WHAT YOU NEED TO DO:
Both the line below containing "(-17.9159042726, 4.7131354922), align=None, mode=Mode.SUBTRACT)" and the line containing "-2.4958247872), align=None, mode=Mode.SUBTRACT)", along with every line between them, should be repeated exactly; no other line belongs in the answer.

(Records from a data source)

########

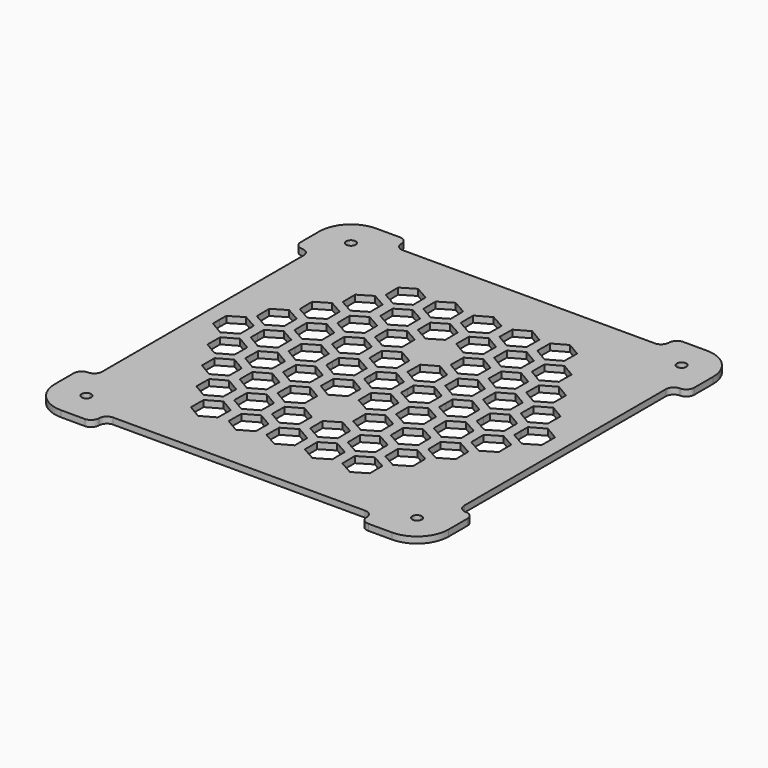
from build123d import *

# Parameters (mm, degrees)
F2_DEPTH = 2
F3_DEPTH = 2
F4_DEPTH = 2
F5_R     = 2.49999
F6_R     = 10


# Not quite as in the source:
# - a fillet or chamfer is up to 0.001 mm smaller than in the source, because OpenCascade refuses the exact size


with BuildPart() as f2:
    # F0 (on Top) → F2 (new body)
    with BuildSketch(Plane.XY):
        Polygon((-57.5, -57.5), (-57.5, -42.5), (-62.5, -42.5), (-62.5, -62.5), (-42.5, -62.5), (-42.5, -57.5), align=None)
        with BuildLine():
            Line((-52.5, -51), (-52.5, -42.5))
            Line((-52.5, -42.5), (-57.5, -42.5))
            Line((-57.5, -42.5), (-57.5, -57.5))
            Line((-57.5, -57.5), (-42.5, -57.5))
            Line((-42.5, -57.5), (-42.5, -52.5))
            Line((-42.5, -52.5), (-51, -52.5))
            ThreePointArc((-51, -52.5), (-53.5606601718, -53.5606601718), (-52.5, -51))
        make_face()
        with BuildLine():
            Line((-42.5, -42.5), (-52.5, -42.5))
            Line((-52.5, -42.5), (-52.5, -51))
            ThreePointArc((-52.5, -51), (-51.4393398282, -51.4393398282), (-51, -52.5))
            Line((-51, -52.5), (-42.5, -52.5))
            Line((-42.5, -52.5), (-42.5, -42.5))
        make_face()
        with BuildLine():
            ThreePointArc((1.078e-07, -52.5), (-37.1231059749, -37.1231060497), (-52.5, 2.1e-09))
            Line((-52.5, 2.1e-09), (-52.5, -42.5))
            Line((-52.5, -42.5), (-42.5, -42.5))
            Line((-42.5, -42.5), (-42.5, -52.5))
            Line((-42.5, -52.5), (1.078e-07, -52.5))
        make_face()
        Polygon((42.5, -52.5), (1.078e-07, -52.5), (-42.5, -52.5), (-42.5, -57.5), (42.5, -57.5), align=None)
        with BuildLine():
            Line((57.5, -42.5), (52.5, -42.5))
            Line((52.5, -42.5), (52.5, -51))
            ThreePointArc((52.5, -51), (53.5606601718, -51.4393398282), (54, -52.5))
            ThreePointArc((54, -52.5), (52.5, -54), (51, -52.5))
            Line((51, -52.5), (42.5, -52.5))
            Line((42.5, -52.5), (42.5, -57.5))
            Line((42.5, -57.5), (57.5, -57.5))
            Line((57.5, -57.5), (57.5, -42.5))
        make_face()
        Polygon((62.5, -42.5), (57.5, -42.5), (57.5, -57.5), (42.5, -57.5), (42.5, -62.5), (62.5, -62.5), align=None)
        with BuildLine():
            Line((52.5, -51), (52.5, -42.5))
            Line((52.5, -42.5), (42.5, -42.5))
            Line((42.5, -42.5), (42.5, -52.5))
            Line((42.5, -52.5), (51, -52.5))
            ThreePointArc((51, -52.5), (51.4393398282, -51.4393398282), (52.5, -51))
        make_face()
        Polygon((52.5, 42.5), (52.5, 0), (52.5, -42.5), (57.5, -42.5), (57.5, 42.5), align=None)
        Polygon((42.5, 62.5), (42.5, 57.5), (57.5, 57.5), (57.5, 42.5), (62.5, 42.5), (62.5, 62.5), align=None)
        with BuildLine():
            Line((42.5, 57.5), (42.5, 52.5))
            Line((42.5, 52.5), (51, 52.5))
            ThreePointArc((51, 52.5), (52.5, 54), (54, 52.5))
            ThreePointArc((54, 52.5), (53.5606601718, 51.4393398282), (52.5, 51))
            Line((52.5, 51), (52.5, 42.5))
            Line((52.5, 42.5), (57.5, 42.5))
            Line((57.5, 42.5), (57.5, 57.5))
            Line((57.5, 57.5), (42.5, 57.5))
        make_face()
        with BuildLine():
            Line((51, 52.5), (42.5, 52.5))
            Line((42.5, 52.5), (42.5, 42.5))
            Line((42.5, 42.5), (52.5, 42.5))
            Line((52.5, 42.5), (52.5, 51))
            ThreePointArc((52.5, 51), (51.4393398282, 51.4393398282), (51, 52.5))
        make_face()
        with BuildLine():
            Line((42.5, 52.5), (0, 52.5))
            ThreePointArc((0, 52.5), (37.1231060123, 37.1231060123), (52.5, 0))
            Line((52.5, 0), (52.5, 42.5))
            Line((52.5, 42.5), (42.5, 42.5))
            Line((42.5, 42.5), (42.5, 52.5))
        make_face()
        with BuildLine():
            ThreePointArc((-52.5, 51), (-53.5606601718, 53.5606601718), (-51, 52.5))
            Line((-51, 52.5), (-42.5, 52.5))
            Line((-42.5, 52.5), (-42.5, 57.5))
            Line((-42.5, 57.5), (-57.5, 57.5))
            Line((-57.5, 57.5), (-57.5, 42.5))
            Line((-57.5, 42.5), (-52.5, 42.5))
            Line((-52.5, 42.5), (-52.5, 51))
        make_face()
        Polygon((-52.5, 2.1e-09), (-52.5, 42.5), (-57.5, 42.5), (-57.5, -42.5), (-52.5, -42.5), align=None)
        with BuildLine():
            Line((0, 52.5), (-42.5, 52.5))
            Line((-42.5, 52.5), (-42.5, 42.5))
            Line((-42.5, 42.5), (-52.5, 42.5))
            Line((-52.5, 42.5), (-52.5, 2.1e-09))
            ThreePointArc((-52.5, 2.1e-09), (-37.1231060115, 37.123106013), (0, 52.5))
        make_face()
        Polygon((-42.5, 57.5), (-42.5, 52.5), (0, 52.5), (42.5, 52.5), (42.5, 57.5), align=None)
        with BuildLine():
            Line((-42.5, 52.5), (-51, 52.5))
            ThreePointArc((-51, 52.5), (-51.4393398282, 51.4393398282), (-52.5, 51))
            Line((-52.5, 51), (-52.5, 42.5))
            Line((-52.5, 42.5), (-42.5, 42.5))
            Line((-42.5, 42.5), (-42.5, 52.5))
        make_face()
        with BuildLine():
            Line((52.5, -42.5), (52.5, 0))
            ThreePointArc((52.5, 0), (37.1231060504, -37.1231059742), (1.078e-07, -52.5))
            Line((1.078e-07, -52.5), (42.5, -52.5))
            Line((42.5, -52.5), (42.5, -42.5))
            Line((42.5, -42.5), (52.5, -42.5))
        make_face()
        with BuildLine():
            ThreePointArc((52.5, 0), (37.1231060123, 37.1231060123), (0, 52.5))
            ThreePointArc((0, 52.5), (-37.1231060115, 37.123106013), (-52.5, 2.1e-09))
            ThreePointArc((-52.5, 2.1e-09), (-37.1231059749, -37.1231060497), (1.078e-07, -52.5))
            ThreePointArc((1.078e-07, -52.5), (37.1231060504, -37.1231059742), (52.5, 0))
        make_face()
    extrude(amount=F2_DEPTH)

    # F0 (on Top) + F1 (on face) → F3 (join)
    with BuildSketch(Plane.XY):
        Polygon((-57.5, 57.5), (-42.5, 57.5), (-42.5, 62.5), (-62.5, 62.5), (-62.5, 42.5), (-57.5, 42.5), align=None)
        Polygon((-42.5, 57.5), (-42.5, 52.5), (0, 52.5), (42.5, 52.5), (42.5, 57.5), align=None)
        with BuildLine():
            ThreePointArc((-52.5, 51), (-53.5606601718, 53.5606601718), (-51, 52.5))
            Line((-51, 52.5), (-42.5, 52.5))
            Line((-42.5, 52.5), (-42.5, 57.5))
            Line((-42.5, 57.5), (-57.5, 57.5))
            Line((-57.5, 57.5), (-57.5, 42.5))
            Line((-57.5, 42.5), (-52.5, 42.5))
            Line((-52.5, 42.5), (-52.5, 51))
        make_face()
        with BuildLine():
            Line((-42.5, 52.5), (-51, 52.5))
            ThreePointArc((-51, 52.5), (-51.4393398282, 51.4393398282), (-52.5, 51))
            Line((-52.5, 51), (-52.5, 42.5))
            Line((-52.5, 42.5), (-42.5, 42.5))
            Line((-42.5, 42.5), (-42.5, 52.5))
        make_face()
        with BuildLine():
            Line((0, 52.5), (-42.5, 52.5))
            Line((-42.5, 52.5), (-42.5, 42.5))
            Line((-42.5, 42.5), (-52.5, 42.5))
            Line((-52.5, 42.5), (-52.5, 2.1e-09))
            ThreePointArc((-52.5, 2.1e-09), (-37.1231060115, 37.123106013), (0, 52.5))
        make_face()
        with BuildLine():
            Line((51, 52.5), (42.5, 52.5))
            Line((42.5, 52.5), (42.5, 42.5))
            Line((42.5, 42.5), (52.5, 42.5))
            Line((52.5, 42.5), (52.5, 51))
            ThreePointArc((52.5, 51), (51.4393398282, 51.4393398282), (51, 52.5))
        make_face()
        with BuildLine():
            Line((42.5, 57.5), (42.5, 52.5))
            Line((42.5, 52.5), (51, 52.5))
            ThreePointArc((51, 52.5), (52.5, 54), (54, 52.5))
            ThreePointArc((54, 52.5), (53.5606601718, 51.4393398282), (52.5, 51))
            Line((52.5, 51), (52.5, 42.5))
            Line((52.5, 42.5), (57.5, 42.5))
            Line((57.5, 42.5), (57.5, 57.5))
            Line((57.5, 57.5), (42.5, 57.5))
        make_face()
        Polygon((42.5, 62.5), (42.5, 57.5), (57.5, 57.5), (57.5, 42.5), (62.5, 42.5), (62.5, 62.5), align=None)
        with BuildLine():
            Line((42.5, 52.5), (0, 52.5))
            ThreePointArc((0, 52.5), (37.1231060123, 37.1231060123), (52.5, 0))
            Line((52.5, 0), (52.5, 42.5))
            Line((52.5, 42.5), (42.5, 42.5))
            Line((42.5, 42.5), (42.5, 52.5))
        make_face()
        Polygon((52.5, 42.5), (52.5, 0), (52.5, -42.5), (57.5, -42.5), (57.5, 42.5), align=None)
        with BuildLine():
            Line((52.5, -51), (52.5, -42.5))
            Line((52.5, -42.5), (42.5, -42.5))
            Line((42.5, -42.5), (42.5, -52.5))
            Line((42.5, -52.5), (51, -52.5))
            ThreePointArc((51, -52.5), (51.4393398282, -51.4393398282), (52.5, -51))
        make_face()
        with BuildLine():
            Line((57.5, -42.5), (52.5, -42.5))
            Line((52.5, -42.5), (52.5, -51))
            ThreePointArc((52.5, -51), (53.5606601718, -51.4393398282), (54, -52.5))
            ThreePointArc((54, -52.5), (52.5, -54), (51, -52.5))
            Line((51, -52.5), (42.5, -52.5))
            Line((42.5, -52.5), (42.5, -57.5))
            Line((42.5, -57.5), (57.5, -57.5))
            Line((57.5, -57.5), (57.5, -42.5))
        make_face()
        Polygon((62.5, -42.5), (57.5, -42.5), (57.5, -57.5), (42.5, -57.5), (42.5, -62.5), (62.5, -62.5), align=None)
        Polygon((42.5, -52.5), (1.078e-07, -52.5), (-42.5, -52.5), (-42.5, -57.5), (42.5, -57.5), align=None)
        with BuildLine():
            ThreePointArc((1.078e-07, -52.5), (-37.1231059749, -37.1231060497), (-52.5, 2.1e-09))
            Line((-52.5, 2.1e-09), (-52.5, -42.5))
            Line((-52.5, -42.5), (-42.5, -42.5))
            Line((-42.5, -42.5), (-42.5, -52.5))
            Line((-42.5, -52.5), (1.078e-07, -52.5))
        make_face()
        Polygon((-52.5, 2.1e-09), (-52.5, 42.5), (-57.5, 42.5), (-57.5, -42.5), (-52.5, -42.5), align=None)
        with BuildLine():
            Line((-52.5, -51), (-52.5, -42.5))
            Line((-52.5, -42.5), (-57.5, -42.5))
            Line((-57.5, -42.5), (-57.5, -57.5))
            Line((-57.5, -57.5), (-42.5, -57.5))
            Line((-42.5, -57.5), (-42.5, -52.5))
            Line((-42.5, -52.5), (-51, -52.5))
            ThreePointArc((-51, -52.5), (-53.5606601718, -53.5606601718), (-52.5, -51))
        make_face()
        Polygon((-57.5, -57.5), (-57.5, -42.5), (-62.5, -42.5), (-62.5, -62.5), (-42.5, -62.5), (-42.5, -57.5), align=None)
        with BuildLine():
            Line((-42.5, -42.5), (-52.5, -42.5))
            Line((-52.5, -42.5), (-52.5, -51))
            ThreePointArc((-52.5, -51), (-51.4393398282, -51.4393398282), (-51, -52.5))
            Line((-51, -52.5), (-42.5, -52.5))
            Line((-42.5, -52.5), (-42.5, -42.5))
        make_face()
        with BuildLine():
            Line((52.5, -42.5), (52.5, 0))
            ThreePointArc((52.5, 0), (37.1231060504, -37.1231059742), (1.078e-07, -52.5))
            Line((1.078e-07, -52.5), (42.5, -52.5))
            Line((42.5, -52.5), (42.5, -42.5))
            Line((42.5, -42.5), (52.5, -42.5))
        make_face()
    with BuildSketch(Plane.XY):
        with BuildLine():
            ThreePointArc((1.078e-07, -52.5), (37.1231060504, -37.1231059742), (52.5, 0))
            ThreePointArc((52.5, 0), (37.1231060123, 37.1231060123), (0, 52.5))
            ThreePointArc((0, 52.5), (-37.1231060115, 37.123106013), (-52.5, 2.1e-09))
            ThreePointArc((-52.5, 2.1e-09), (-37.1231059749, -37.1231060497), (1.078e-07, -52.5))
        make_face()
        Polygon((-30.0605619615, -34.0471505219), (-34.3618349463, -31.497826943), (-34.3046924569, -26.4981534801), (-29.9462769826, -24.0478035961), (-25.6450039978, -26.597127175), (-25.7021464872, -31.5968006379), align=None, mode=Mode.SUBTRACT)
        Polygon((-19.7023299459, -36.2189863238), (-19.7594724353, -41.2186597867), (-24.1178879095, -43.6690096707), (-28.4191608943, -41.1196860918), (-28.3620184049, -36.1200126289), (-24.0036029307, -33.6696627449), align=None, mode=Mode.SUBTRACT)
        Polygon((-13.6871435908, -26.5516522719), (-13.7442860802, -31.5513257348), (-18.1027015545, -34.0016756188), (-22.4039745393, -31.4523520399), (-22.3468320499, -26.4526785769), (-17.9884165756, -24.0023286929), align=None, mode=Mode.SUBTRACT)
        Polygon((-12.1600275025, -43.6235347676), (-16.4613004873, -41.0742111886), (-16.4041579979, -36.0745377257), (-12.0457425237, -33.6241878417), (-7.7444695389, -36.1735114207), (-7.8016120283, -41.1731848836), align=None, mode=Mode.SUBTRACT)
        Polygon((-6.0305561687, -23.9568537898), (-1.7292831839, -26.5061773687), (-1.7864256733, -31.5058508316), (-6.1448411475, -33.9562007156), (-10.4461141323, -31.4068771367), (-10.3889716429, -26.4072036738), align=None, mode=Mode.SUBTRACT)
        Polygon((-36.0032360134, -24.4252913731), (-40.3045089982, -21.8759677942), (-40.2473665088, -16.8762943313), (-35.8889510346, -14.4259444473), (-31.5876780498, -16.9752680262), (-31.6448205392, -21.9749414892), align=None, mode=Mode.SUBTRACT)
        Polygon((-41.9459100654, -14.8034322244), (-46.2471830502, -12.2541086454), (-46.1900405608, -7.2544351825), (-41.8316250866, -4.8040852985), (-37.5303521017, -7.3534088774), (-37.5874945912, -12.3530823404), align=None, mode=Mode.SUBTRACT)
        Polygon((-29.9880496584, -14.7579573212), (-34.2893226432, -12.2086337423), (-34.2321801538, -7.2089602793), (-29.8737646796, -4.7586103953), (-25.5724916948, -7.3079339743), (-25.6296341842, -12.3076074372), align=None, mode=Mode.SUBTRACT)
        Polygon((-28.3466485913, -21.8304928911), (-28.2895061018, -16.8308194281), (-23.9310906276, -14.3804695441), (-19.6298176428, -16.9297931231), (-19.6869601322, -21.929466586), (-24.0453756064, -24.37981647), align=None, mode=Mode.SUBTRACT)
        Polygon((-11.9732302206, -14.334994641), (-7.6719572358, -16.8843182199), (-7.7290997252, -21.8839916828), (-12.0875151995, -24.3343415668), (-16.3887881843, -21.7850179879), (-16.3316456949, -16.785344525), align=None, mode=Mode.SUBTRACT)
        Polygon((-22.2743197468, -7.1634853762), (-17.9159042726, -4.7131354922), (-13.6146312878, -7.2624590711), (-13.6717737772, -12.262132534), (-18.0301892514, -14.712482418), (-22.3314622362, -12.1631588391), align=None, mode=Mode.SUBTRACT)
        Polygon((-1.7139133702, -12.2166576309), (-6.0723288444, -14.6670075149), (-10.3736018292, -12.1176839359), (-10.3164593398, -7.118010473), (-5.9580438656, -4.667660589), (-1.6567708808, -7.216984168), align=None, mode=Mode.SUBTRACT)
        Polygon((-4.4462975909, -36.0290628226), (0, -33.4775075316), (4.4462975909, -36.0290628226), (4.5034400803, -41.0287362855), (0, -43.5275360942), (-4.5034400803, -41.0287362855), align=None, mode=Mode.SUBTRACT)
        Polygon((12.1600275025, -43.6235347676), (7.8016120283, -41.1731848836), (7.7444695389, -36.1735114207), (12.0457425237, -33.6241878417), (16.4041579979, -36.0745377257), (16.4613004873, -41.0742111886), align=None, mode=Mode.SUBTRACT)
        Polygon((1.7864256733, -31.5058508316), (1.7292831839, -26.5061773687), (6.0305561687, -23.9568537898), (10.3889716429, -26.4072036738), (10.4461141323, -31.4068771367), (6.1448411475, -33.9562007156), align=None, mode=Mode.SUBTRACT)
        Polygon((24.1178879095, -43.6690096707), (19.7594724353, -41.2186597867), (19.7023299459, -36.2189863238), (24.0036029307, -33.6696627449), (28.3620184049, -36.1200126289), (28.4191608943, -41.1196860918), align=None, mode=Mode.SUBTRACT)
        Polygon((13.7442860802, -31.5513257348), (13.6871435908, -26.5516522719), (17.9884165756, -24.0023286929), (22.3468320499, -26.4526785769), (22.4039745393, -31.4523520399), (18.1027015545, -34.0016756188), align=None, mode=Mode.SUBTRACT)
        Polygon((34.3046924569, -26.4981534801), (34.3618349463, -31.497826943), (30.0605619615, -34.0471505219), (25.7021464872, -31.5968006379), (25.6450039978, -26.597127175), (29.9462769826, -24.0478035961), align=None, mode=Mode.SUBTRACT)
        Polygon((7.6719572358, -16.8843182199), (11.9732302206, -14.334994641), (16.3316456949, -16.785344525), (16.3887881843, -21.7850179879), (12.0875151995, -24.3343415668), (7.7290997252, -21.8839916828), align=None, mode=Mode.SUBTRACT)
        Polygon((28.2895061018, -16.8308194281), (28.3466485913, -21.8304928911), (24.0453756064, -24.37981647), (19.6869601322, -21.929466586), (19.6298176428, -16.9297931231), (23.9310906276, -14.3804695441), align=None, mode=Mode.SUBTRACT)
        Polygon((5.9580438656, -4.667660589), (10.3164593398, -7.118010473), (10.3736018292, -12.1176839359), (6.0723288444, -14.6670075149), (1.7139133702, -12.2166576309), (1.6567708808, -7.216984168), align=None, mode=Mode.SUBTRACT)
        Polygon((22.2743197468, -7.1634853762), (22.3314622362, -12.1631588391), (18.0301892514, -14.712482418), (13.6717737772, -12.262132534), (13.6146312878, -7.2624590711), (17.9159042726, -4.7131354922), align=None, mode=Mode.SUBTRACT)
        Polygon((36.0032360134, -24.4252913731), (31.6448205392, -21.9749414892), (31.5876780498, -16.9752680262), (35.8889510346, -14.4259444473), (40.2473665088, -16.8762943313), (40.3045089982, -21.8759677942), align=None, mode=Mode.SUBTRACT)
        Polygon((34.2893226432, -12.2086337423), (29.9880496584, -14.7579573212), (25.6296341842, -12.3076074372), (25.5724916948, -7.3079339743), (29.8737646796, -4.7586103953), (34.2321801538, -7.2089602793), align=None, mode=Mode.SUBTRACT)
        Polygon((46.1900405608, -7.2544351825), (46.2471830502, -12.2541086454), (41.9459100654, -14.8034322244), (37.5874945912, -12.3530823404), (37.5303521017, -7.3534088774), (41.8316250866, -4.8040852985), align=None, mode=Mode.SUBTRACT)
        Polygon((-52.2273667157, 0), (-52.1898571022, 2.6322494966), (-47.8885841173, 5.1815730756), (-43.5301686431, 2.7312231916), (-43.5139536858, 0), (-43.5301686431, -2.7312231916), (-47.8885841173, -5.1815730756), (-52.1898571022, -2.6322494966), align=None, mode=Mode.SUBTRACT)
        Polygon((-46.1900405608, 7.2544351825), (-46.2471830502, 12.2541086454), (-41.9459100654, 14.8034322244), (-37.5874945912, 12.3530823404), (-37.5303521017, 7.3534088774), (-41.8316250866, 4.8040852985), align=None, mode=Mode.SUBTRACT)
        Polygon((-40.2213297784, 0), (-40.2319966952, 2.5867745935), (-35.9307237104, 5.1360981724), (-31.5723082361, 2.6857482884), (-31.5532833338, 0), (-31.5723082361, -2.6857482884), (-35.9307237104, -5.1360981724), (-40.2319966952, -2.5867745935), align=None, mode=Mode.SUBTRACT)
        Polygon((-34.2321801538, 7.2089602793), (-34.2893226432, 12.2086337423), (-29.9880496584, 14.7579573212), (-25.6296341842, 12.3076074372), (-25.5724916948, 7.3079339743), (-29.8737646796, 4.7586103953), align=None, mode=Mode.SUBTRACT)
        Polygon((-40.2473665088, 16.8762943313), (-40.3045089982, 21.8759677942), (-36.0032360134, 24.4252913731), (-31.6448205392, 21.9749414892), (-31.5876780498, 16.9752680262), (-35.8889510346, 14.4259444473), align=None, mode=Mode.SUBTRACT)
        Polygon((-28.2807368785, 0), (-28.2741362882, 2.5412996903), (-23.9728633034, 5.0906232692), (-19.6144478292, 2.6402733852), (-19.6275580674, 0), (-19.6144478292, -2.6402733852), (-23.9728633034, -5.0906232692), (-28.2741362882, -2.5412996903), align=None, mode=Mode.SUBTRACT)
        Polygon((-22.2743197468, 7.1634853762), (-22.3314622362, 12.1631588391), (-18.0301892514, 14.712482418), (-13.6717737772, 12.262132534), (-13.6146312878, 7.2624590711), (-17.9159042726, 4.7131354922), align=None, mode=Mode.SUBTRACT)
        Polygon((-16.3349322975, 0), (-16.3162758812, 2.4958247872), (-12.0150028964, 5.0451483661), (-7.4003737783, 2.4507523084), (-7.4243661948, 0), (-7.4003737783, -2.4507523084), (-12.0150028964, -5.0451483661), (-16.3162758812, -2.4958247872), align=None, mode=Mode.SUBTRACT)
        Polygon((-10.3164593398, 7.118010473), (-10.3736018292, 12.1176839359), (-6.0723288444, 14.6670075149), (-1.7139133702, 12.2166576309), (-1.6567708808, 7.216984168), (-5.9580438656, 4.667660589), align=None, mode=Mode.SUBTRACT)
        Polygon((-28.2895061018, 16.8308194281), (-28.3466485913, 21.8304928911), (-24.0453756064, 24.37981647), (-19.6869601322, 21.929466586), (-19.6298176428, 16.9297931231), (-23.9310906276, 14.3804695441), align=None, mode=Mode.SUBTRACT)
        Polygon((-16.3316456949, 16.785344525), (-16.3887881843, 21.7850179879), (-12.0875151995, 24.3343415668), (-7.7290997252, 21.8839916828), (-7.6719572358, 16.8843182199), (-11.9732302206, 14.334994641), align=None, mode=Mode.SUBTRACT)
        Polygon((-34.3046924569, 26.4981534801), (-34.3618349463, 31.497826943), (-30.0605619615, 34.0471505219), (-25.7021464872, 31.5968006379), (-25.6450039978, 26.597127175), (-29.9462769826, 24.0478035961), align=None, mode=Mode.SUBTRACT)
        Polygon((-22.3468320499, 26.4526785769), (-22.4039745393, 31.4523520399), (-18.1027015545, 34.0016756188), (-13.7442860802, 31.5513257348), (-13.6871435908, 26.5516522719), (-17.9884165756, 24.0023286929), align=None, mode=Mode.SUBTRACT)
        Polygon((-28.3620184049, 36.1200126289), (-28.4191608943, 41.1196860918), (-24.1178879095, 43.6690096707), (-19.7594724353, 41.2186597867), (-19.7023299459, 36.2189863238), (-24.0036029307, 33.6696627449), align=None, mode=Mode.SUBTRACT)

########

ANSWER AREA:
        Polygon((-22.2743197468, 7.1634853762), (-22.3314622362, 12.1631588391), (-18.0301892514, 14.712482418), (-13.6717737772, 12.262132534), (-13.6146312878, 7.2624590711), (-17.9159042726, 4.7131354922), align=None, mode=Mode.SUBTRACT)
        Polygon((-16.3349322975, 0), (-16.3162758812, 2.4958247872), (-12.0150028964, 5.0451483661), (-7.4003737783, 2.4507523084), (-7.4243661948, 0), (-7.4003737783, -2.4507523084), (-12.0150028964, -5.0451483661), (-16.3162758812, -2.4958247872), align=None, mode=Mode.SUBTRACT)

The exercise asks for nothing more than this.